"I don't know what you're doing, but I know who you are." ~JJ Heller 'Who You Are'
It's probably safe to say that most of us are not too thrilled at sudden plot twist and constant unpredictability when it comes to our lives. Even those of us who enjoy spontaneity and adventure, crave some form of stability and predictability. At least at the most basic levels of our lives, we like to know what to expect from ourselves, others, and our environment.
I know I do.
I think I hold tightly to this idea of stability and predictability because I have connected them in my mind with safety and confidence. I guess a lot of us have been wired this way. We've been taught to always have the answers, the solution, the explanations, and not to mention, a plan, and when we don't, we feel exposed and unsafe.
But why do we have this mentality when we are called to follow the footsteps of Jesus, if when we look at His life, it was anything but predictable? The way He lived, and the way He taught His disciples to live, goes against every idea we have about stability. He was constantly going to new places, to encounter new people, in places that were less than comfortable, all in accordance with the will of God. He also taught this same principal to His disciples, encouraging them to travel in a way that contradicts our ideas of comfort. He told them to travel without basic necessities, and also warned them that they would often be rejected(Luke 9).
We are called to follow Jesus, but we forget that the paths Jesus took were often anything but predictable and understandable.
I am by no means telling you God wants us to constantly travel without money and clothes to unknown places where people are going to reject us. What I am encouraging, is that our ideas of stability and comfort may be far from what God intended. The idea that everything has to follow a predictable and understandable pattern is not the life Jesus displayed, and it is not how He taught His disciples to live. He taught them to live by the faith that the Father had all the answers they needed. He taught them to seek Him daily, and to be ok with giving Him the authority to call them to places beyond their comfort zone. He taught them thy didn't always need a long term plan, they just needed His direction for the day before them.

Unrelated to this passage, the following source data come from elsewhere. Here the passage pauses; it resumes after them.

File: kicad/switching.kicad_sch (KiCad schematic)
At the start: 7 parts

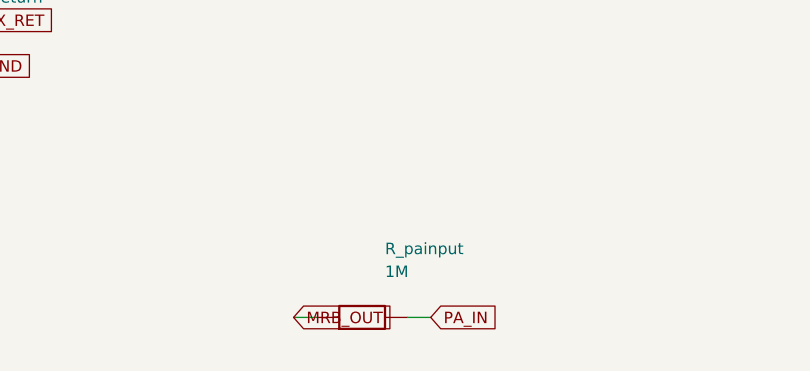
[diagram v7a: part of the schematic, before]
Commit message: Redesign effects chain: active reverb summer + output buffer + split bias
Resolves roast R3 (broken passive mixer) and R6 (shared VBIAS bleed), using the
two spare TL072 halves and verifying with a rail-aware SPICE model.

- Reverb wet/dry mix is now an ACTIVE inverting summer on IC1-B (dry always on,
  wet via POT_REV, unity each, low-Z out about VBIAS_R). Removed the broken
  passive R_dry_tap/R_blend1/R_blend2 (1M dry series made it ~all-wet into an
  unbuffered 110k node).
- IC2-B repurposed as the post-MRB OUTPUT BUFFER driving PA_IN (removed the
  unbuffered R_painput 1M and a dead C_trem_out/R_trem_pass branch).
- VBIAS split into independent VBIAS_R (reverb) and VBIAS_T (tremolo) dividers
  (100k/100k + 47uF each) -> the LFO can no longer modulate the reverb reference.

Verification: new models/opamp_rail.sub clamps the output to the rails (unlike
opamp1p.sub), and spice/tran_reverb_mixer.cir confirms on a single +17V supply:
mid-rail bias 8.50 V, unity (0.0 dB) sum, clips at 15.5/1.5 V -> +-7 V headroom
(~24 dB over a 0.42 V program peak). This is the large-signal/headroom check the
rail-less model could not do (roast R7).

ERC 0; demo DRC 0; full board regenerated (106 footprints); run_all.sh exit 0;
BOM + roast doc + SCHEMATIC-BUILD + spice/README + CHANGELOG updated.

https://claude.ai/code/session_01PkrfUi9tvZfLvudJ7h23qD
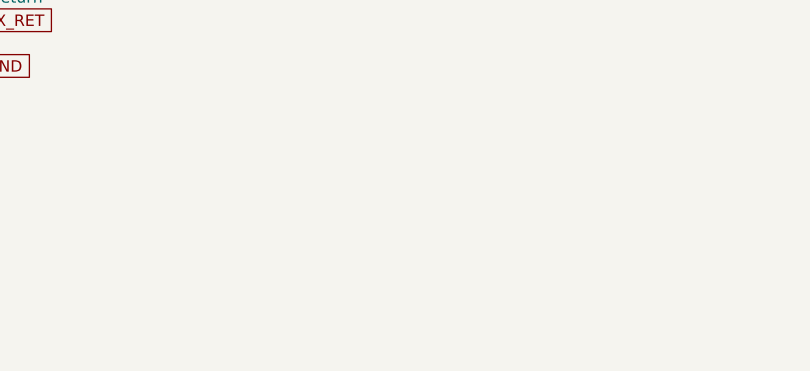
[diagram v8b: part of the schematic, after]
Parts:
- removed R_painput: 1M, Resistor_THT:R_Axial_DIN0207_L6.3mm_D2.5mm_P5.08mm_Vertical, symbol cr_primitives:R
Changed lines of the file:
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@@
     (pin "1")
     (pin "2")
-    (instances (project "cambridge_reverb" (path "/0afdd53e-4713-41fb-bc93-93ba1769810d" (reference "J_IN1") (unit 1))))
+    (instances (project "cambridge_reverb" (path "/ec396f92-9d29-4422-98c6-cdef3d2a4505" (reference "J_IN1") (unit 1))))
   )
   (wire (pts (xy 139.7 93.97999999999999) (xy 142.24 93.97999999999999)) (stroke (width 0) (type default)))
@@
     (pin "1")
     (pin "2")
-    (instances (project "cambridge_reverb" (path "/0afdd53e-4713-41fb-bc93-93ba1769810d" (reference "J_IN2") (unit 1))))
+    (instances (project "cambridge_reverb" (path "/ec396f92-9d29-4422-98c6-cdef3d2a4505" (reference "J_IN2") (unit 1))))
   )
   (wire (pts (xy 139.7 124.46) (xy 142.24 124.46)) (stroke (width 0) (type default)))
@@
     (pin "1")
     (pin "2")
-    (instances (project "cambridge_reverb" (path "/0afdd53e-4713-41fb-bc93-93ba1769810d" (reference "J_IN3") (unit 1))))
+    (instances (project "cambridge_reverb" (path "/ec396f92-9d29-4422-98c6-cdef3d2a4505" (reference "J_IN3") (unit 1))))
   )
   (wire (pts (xy 139.7 153.67) (xy 142.24 153.67)) (stroke (width 0) (type default)))
@@
     (pin "5")
     (pin "6")
-    (instances (project "cambridge_reverb" (path "/0afdd53e-4713-41fb-bc93-93ba1769810d" (reference "FS1") (unit 1))))
+    (instances (project "cambridge_reverb" (path "/ec396f92-9d29-4422-98c6-cdef3d2a4505" (reference "FS1") (unit 1))))
   )
   (wire (pts (xy 217.17000000000002 119.38) (xy 214.63000000000002 119.38)) (stroke (width 0) (type default)))
@@
     (pin "1")
     (pin "2")
-    (instances (project "cambridge_reverb" (path "/0afdd53e-4713-41fb-bc93-93ba1769810d" (reference "LS1") (unit 1))))
+    (instances (project "cambridge_reverb" (path "/ec396f92-9d29-4422-98c6-cdef3d2a4505" (reference "LS1") (unit 1))))
   )
   (wire (pts (xy 279.4 184.15000000000003) (xy 276.86 184.15000000000003)) (stroke (width 0) (type default)))
@@
     (pin "1")
     (pin "2")
-    (instances (project "cambridge_reverb" (path "/0afdd53e-4713-41fb-bc93-93ba1769810d" (reference "R_spk_rtn") (unit 1))))
+    (instances (project "cambridge_reverb" (path "/ec396f92-9d29-4422-98c6-cdef3d2a4505" (reference "R_spk_rtn") (unit 1))))
   )
   (wire (pts (xy 240.03 186.69) (xy 237.49 186.69)) (stroke (width 0) (type default)))
@@
   (wire (pts (xy 250.19000000000003 186.69) (xy 252.73000000000002 186.69)) (stroke (width 0) (type default)))
   (global_label "GND" (shape input) (at 252.73000000000002 186.69 0) (fields_autoplaced) (effects (font (size 1.27 1.27)) (justify left)))
-  (symbol (lib_id "cr_primitives:R") (at 185.42000000000002 186.69 0) (unit 1)
-    (in_bom yes) (on_board yes) (dnp no)
-    (property "Reference" "R_painput" (at 187.96 179.07 0) (effects (font (size 1.27 1.27)) (justify left)))
-    (property "Value" "1M" (at 187.96 181.60999999999999 0) (effects (font (size 1.27 1.27)) (justify left)))
-    (property "Footprint" "Resistor_THT:R_Axial_DIN0207_L6.3mm_D2.5mm_P5.08mm_Vertical" (at 185.42000000000002 186.69 0) (effects (font (size 1.27 1.27)) hide))
-    (pin "1")
-    (pin "2")
-    (instances (project "cambridge_reverb" (path "/0afdd53e-4713-41fb-bc93-93ba1769810d" (reference "R_painput") (unit 1))))
-  )
-  (wire (pts (xy 180.34 186.69) (xy 177.8 186.69)) (stroke (width 0) (type default)))
-  (global_label "MRB_OUT" (shape input) (at 177.8 186.69 180) (fields_autoplaced) (effects (font (size 1.27 1.27)) (justify left)))
-  (wire (pts (xy 190.5 186.69) (xy 193.04000000000002 186.69)) (stroke (width 0) (type default)))
-  (global_label "PA_IN" (shape input) (at 193.04000000000002 186.69 0) (fields_autoplaced) (effects (font (size 1.27 1.27)) (justify left)))
   (sheet_instances (path "/" (page "1")))
 )

I'm learning to live outside these former ideas of stability and comfort. Initially, there is nothing scarier. Right now, I don't really know what to expect from anything, from myself, others, or my environment. I don't actually know what God is doing, and beyond today, I don't always know where He wants me. It's scary, but somehow, I've never felt safer.
There is a great peace and liberation that falls on us when we realize we don't have to have the answers. Our Father has them, and that is enough.
Stability is not found in the expectations and predictability of our circumstances. It's found in knowledge that Jesus won't lead us where He doesn't go.